What to work on:
Without reproducing any picture, copy the records word for word.

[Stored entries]
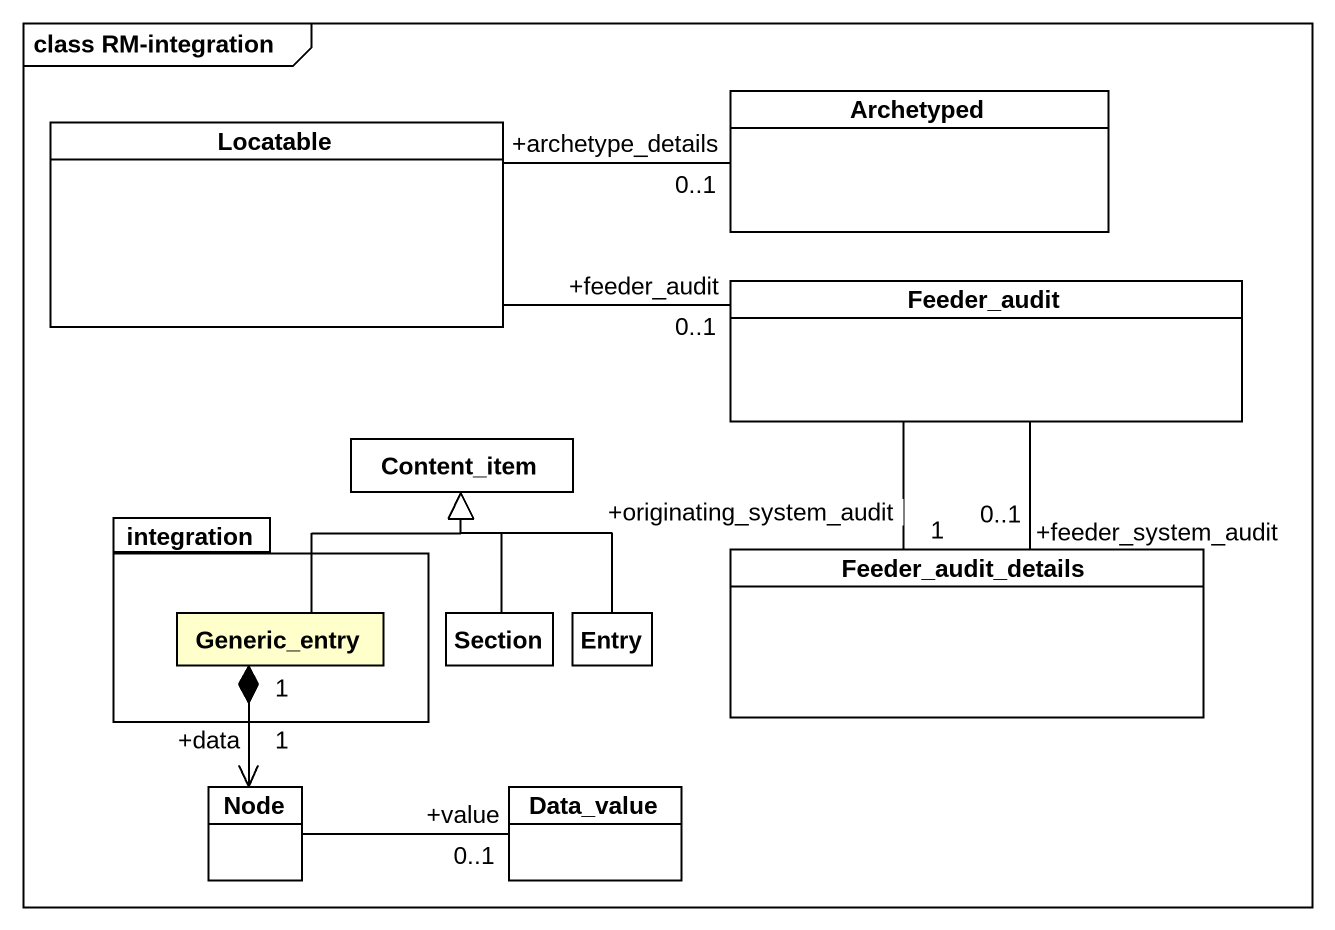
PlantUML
@startuml
mainframe class RM-integration
hide circle
hide empty members
class Archetyped #FFFFFF
class Locatable #FFFFFF
class Feeder_audit #FFFFFF
class Content_item #FFFFFF
package integration {
  class Generic_entry
}
class Feeder_audit_details #FFFFFF
class Section #FFFFFF
class Entry #FFFFFF
class "Node" as Node_ #FFFFFF
class Data_value #FFFFFF
Locatable -right- "+archetype_details\n0..1" Archetyped
Locatable -right- "+feeder_audit\n0..1" Feeder_audit
Feeder_audit_details "+originating_system_audit\n1" -up- Feeder_audit
Feeder_audit_details "+feeder_system_audit\n0..1" -up- Feeder_audit
Generic_entry -up-|> Content_item
Generic_entry "1" *--> "+data\n1" Node_
Section -up-|> Content_item
Entry -up-|> Content_item
Node_ -right- "+value\n0..1" Data_value
@enduml

Reply to the exercise:
PlantUML
@startuml
mainframe class RM-integration
hide circle
hide empty members
class Archetyped #FFFFFF
class Locatable #FFFFFF
class Feeder_audit #FFFFFF
class Content_item #FFFFFF
package integration {
  class Generic_entry
}
class Feeder_audit_details #FFFFFF
class Section #FFFFFF
class Entry #FFFFFF
class "Node" as Node_ #FFFFFF
class Data_value #FFFFFF
Locatable -right- "+archetype_details\n0..1" Archetyped
Locatable -right- "+feeder_audit\n0..1" Feeder_audit
Feeder_audit_details "+originating_system_audit\n1" -up- Feeder_audit
Feeder_audit_details "+feeder_system_audit\n0..1" -up- Feeder_audit
Generic_entry -up-|> Content_item
Generic_entry "1" *--> "+data\n1" Node_
Section -up-|> Content_item
Entry -up-|> Content_item
Node_ -right- "+value\n0..1" Data_value
@enduml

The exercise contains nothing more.